Fix $n\ge 2$. For every nondegenerate quadratic form $q$ in dimension $n$ over a field $K$ of characteristic zero, the maximal dimension of the centralizer of a nonzero element of $\mathfrak{so}(q)$ is $n(n-1)/2-(2n-4)$ (i.e. the minimal codimension is $2n-4$. $\DeclareMathOperator\so{\mathfrak{so}}$
Proof:
(1) The first part is to show that this is achieved. This is actually easy. Diagonalize $q$, and thus choose an orthogonal decomposition of the ambient space as $V=V_2\oplus V'$ with $V_2$ 2-dimensional. Choose a nonzero element $g$ of the 1-dimensional $\so(q|_{V_2})$. Extend it as zero on $V'$. So we can view $g$ as an element of $\so(q)(K)$. Then its centralizer has codimension $2n-4$. Indeed, to compute it, we can extend extend scalars to assume $K$ algebraically closed (this is inessential, just simplifies computations), and hence we can suppose that the basis is orthonormal. Then $\so(q)$ is the space of skew-symmetric matrices and the centralizer of $g$ consists of those with the (linearly independent) conditions $g_{ij}=0$ for $i=1,2$, $j=3,\dots,n$.

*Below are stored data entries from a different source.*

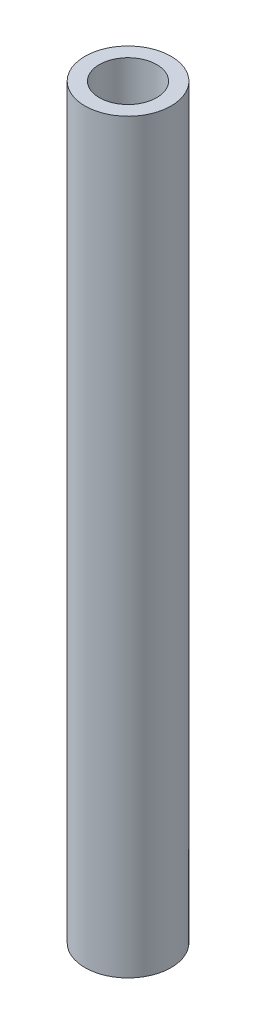
from build123d import *

# Parameters (mm, degrees)
SKETCH1_R           = 3
SKETCH1_R_2         = 2
BOSS_EXTRUDE1_DEPTH = 52


with BuildPart() as part:
    # Sketch1 → Boss-Extrude1 (new body)
    with BuildSketch(Plane(origin=(0, 0, 0), x_dir=(1, 0, 0), z_dir=(0, 1, 0))):
        with Locations(Location((0, 0, 0), (0, 0, 90))):
            Circle(SKETCH1_R)
        with Locations(Location((0, 0, 0), (0, 0, 90))):
            Circle(SKETCH1_R_2, mode=Mode.SUBTRACT)
    extrude(amount=BOSS_EXTRUDE1_DEPTH)


solid = part.part
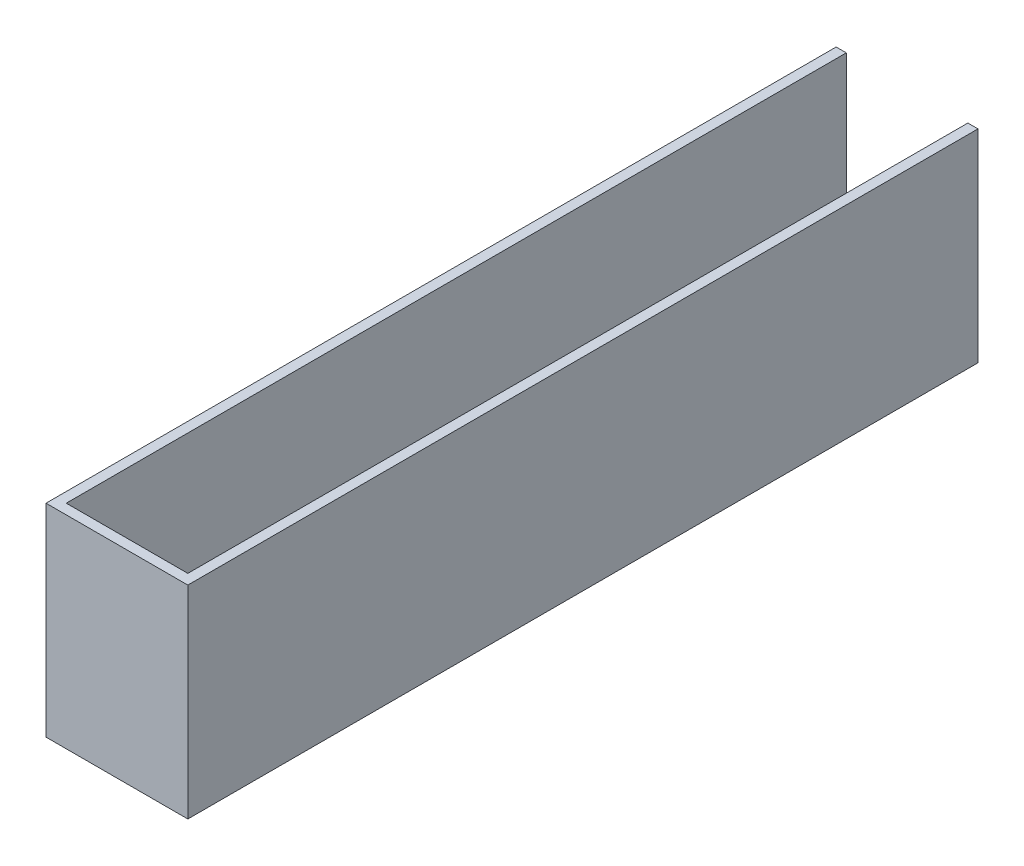
from build123d import *

# Parameters (mm, degrees)
BOSS_EXTRUDE1_DEPTH = 200


with BuildPart() as part:
    # Sketch1 → Boss-Extrude1 (new body)
    with BuildSketch(Plane(origin=(0, 0, 0), x_dir=(1, 0, 0), z_dir=(0, 1, 0))):
        Polygon((0, 0), (0, 780), (-10, 780), (-10, 10), (-130, 10), (-130, 780), (-140, 780), (-140, 0), align=None)
    extrude(amount=BOSS_EXTRUDE1_DEPTH)


solid = part.part
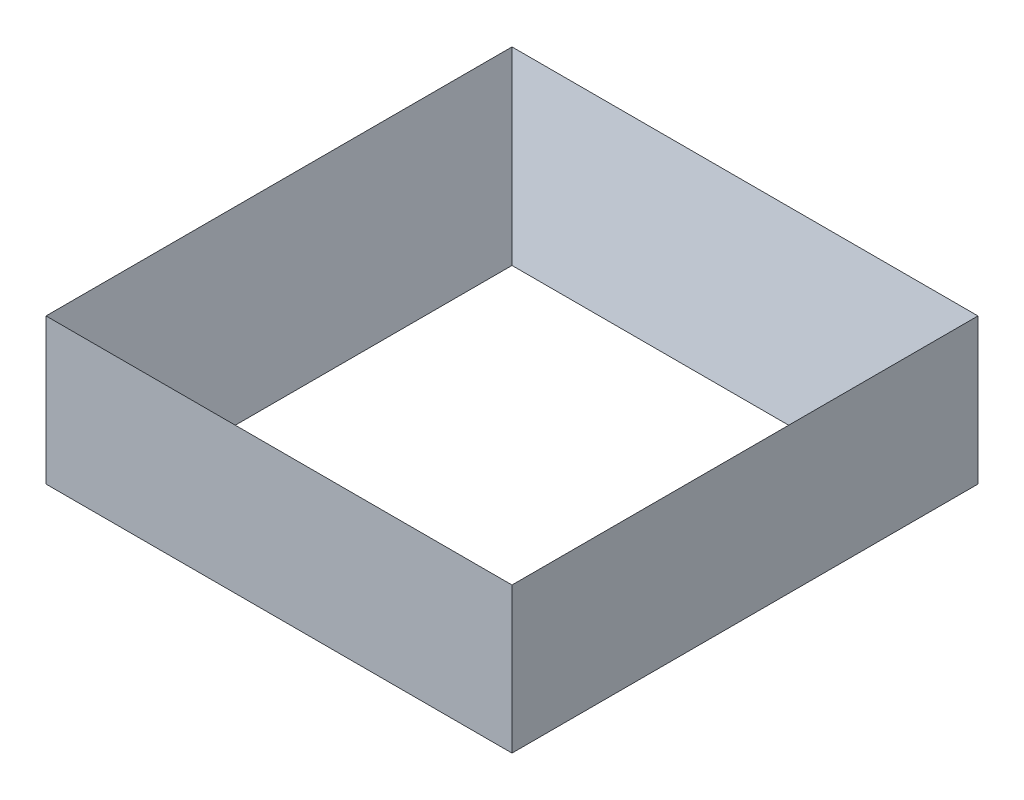
from build123d import *

# Parameters (mm, degrees)
SKETCH_1_W      = 64
SKETCH_1_H      = 64
EXTRUDE_1_DEPTH = 20


with BuildPart() as part:
    # 草图1 → 凸台-拉伸1 (new body)
    with BuildSketch(Plane(origin=(0, 0, 0), x_dir=(1, 0, 0), z_dir=(0, 1, 0))):
        with Locations((32, 32)):
            Rectangle(SKETCH_1_W, SKETCH_1_H)
    extrude(amount=EXTRUDE_1_DEPTH)

    # 草图3 → 切除-放样1 section 0
    with BuildSketch(Plane.XZ):
        with BuildLine():
            Line((6, -6), (58, -6))
            Line((58, -6), (58, -58))
            Line((58, -58), (6, -58))
            Line((6, -58), (6, -6))
        make_face()
    # 草图2 → 切除-放样1 section 1
    with BuildSketch(Plane(origin=(0, 20, 0), x_dir=(1, 0, 0), z_dir=(0, 1, 0))):
        with BuildLine():
            Line((0, 64), (0, 0))
            Line((0, 0), (64, 0))
            Line((64, 0), (64, 64))
            Line((64, 64), (0, 64))
        make_face()
    loft(mode=Mode.SUBTRACT)


solid = part.part

(2) Now we need to show that this is an upper bound for the centralizer of a nonzero element $g$. For this, we can assume from the beginning that $K$ is algebraically closed. Now I borrow the argument from this answer by Peter McNamara: we can suppose that (the projection of) $g$ belongs to closed adjoint orbit in $\mathbf{P}(\so_n)$ (indeed passing from a non-closed orbit to its boundary decreases the orbit dimension and does not decrease the dimension of the centralizer). And (see that same answer), this means that $g$ is, up to conjugation, a nonzero element in a root space. Fixing a Cartan subalgebra, we have 1 or 2 orbits of roots according to whether $n$ is even or odd, but in both cases the computation shows that these root spaces have a centralizer of codimension $2n-4$.